Your assignment »
Look through the data below for the line with "Line((31.150096626, 65.506126721), (0, 65.506126721))", and transcribe it exactly together with each line after it up to and including the line with "Line((34.356030095, -41.175262993), (34.356030095, 0))". Give nothing else.

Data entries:
----

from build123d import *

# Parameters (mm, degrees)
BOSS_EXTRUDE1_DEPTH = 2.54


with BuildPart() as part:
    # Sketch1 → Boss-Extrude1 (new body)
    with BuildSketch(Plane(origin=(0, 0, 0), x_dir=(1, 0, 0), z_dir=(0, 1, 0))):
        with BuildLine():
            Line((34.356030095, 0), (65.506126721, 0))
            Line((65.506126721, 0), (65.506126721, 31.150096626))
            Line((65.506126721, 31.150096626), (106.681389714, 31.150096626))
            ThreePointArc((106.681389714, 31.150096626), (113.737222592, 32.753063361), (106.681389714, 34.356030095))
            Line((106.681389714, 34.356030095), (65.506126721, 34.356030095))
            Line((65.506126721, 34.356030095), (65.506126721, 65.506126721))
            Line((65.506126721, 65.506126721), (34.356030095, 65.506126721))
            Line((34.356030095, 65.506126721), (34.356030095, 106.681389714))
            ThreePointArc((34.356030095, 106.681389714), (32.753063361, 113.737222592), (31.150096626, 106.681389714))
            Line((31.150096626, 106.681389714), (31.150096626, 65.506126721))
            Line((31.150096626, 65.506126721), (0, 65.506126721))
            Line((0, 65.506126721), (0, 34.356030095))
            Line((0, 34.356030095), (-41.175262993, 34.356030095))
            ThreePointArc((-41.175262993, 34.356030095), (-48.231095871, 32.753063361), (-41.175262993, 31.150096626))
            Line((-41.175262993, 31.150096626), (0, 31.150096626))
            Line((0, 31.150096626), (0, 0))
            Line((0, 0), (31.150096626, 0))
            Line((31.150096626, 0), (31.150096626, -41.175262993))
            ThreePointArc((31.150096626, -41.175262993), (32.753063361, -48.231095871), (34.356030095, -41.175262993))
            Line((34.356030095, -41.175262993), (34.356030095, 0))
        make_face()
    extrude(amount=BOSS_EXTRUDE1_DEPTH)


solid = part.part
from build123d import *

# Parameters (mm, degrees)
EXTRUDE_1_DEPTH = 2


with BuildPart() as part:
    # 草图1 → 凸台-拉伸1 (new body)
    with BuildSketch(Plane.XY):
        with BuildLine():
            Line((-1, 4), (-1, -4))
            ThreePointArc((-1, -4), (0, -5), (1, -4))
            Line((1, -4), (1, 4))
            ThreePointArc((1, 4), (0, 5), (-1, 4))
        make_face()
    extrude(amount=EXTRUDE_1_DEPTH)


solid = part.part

----

Exercise result »
            Line((31.150096626, 65.506126721), (0, 65.506126721))
            Line((0, 65.506126721), (0, 34.356030095))
            Line((0, 34.356030095), (-41.175262993, 34.356030095))
            ThreePointArc((-41.175262993, 34.356030095), (-48.231095871, 32.753063361), (-41.175262993, 31.150096626))
            Line((-41.175262993, 31.150096626), (0, 31.150096626))
            Line((0, 31.150096626), (0, 0))
            Line((0, 0), (31.150096626, 0))
            Line((31.150096626, 0), (31.150096626, -41.175262993))
            ThreePointArc((31.150096626, -41.175262993), (32.753063361, -48.231095871), (34.356030095, -41.175262993))
            Line((34.356030095, -41.175262993), (34.356030095, 0))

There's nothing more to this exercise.